## [Supplied information]
= Beginning of Section =

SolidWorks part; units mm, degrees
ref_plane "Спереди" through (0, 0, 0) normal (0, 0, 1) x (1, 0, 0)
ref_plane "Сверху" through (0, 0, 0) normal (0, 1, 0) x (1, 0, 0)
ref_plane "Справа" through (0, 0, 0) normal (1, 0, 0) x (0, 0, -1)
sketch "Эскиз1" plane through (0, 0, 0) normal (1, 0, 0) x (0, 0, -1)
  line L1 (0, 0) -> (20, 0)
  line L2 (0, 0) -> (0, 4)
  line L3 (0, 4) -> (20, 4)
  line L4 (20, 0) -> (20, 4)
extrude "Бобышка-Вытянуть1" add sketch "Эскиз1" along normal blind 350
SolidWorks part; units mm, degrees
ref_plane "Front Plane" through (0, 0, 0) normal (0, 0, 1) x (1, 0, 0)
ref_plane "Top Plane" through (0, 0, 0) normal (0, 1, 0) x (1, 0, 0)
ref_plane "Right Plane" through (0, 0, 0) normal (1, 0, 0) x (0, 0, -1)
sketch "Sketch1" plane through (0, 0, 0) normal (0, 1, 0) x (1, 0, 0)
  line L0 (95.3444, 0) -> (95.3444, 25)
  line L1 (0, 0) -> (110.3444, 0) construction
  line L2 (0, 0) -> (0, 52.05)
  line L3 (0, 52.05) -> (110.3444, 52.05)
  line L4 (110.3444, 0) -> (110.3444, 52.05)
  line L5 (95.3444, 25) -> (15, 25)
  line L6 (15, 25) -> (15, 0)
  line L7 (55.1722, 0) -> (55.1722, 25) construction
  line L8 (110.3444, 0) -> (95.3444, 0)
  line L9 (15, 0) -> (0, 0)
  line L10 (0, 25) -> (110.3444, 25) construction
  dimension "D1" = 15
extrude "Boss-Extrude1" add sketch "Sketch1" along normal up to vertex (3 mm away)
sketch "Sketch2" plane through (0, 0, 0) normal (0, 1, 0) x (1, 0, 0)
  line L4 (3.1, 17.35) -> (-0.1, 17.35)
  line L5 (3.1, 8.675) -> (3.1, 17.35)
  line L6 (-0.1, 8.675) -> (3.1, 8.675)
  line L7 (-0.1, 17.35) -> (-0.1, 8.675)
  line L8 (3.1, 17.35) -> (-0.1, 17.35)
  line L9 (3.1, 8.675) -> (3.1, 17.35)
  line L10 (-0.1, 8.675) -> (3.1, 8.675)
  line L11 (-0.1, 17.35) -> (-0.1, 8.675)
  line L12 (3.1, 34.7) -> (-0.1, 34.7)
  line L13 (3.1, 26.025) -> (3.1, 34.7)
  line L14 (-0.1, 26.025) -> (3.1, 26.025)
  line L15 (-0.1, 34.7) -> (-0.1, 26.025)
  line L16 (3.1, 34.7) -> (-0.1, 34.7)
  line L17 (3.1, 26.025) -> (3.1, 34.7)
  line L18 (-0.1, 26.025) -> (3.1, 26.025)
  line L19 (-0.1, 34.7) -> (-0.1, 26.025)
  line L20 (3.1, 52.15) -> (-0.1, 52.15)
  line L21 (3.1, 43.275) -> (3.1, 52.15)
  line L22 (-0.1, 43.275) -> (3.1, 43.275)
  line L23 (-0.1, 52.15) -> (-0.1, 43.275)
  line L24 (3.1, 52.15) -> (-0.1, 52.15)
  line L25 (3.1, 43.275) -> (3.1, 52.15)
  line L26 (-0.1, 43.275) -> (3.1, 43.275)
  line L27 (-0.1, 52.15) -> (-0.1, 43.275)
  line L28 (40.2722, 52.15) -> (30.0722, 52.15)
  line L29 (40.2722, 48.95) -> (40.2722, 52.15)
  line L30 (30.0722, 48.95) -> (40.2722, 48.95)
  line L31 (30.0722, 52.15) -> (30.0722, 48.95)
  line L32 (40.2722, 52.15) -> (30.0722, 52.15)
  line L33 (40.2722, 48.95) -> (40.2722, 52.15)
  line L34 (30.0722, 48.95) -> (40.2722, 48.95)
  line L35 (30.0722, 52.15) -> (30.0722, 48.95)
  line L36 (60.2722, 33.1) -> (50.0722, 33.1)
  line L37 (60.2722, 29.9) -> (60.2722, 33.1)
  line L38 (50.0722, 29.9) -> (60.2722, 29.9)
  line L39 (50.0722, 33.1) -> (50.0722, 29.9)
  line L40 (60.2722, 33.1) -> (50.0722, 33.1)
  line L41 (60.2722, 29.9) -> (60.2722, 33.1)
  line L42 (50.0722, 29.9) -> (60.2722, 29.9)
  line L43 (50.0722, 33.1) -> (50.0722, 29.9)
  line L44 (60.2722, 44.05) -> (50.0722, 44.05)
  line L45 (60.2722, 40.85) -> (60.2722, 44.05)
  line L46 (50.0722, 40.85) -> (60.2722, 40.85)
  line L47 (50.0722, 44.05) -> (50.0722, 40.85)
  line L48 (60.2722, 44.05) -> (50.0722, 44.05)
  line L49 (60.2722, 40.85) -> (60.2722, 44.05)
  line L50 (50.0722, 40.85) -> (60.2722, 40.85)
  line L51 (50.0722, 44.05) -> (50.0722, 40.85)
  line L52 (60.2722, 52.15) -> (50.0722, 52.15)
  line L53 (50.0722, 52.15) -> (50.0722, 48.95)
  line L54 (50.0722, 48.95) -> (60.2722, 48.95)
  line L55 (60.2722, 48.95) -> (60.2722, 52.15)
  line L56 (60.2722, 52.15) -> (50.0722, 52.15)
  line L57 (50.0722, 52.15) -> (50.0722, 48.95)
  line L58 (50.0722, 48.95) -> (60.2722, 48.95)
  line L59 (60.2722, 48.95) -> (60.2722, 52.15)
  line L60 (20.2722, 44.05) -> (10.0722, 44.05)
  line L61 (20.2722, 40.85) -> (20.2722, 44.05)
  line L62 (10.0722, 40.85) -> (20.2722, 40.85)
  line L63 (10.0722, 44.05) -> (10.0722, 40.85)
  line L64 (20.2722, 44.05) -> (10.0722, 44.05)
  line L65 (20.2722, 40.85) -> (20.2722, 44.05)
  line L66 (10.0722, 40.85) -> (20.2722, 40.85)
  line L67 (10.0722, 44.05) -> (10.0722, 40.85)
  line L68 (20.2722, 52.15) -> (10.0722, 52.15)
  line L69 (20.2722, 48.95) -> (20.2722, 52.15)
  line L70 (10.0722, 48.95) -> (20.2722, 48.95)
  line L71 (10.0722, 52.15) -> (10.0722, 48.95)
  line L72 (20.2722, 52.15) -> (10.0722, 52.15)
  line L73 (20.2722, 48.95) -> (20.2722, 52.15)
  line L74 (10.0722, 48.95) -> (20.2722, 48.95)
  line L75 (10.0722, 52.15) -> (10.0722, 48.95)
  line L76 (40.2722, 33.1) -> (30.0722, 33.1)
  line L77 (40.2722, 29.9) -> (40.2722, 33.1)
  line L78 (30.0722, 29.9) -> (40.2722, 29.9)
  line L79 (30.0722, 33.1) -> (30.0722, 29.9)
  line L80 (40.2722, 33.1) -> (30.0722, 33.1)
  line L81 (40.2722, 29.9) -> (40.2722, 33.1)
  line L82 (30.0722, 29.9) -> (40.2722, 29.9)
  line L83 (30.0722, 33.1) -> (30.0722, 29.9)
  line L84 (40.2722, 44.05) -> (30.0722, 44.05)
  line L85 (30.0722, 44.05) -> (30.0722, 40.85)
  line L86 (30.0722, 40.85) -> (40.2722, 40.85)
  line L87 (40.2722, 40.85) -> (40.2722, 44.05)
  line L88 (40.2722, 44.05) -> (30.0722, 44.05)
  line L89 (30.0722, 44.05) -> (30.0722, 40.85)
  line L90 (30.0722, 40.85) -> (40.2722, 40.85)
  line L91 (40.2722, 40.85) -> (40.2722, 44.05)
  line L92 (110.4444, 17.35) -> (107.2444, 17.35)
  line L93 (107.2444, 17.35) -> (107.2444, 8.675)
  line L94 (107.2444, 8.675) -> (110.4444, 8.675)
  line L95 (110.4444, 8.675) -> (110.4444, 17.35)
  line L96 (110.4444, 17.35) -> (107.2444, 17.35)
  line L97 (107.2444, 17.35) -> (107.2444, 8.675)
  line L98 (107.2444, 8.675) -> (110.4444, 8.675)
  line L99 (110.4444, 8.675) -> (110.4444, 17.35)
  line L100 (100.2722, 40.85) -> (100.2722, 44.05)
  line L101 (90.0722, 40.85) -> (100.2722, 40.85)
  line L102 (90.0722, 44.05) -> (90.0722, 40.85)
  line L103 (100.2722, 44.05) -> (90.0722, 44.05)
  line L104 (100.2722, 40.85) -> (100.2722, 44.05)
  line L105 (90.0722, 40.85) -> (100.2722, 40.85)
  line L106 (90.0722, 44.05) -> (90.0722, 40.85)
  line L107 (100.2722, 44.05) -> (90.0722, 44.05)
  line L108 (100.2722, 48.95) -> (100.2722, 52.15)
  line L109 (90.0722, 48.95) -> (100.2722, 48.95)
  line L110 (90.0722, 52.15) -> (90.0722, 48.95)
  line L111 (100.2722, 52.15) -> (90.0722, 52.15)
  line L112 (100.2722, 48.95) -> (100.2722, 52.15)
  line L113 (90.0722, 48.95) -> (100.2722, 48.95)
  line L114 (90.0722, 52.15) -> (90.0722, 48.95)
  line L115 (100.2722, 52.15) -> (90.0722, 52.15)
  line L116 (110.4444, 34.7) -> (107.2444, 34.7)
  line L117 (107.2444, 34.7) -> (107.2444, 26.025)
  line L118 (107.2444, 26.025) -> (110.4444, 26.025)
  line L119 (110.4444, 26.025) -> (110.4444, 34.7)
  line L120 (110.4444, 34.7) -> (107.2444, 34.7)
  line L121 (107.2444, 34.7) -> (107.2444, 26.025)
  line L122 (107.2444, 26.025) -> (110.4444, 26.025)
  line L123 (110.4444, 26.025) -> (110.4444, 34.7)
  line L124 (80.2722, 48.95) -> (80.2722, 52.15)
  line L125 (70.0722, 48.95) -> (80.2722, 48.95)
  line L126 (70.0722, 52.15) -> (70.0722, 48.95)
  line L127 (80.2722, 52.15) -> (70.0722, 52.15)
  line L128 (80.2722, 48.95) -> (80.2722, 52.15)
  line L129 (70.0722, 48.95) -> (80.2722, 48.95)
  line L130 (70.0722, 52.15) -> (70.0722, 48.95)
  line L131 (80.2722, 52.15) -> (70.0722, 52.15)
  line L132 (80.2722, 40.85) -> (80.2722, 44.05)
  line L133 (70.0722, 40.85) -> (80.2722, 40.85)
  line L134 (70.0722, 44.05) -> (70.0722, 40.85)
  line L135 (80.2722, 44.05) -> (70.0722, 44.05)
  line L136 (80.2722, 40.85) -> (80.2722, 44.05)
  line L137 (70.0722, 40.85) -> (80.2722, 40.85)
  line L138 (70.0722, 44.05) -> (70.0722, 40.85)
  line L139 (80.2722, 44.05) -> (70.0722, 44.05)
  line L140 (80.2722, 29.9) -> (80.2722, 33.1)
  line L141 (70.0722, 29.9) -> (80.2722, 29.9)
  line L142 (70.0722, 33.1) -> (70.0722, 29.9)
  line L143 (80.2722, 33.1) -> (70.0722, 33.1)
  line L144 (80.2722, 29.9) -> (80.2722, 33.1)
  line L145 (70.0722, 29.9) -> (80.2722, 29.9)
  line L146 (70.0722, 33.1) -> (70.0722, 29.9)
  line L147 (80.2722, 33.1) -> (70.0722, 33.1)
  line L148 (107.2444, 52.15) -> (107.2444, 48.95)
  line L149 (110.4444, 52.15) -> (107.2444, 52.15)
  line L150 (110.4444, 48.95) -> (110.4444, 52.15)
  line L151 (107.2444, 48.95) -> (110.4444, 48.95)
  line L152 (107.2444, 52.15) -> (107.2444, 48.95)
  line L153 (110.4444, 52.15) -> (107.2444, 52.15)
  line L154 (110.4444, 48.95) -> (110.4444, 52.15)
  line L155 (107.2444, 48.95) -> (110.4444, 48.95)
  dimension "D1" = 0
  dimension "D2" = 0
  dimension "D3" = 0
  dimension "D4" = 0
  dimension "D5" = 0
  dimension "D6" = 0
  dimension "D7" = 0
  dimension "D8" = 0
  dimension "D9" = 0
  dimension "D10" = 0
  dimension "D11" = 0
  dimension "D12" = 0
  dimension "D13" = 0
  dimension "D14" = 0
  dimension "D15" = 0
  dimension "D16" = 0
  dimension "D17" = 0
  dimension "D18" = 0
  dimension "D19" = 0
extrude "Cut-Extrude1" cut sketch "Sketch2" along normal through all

= End of Section =

## [Your assignment]
Look through the entries above and report each line where the string "construction" occurs.

## [Solution]
  line L1 (0, 0) -> (110.3444, 0) construction
  line L7 (55.1722, 0) -> (55.1722, 25) construction
  line L10 (0, 25) -> (110.3444, 25) construction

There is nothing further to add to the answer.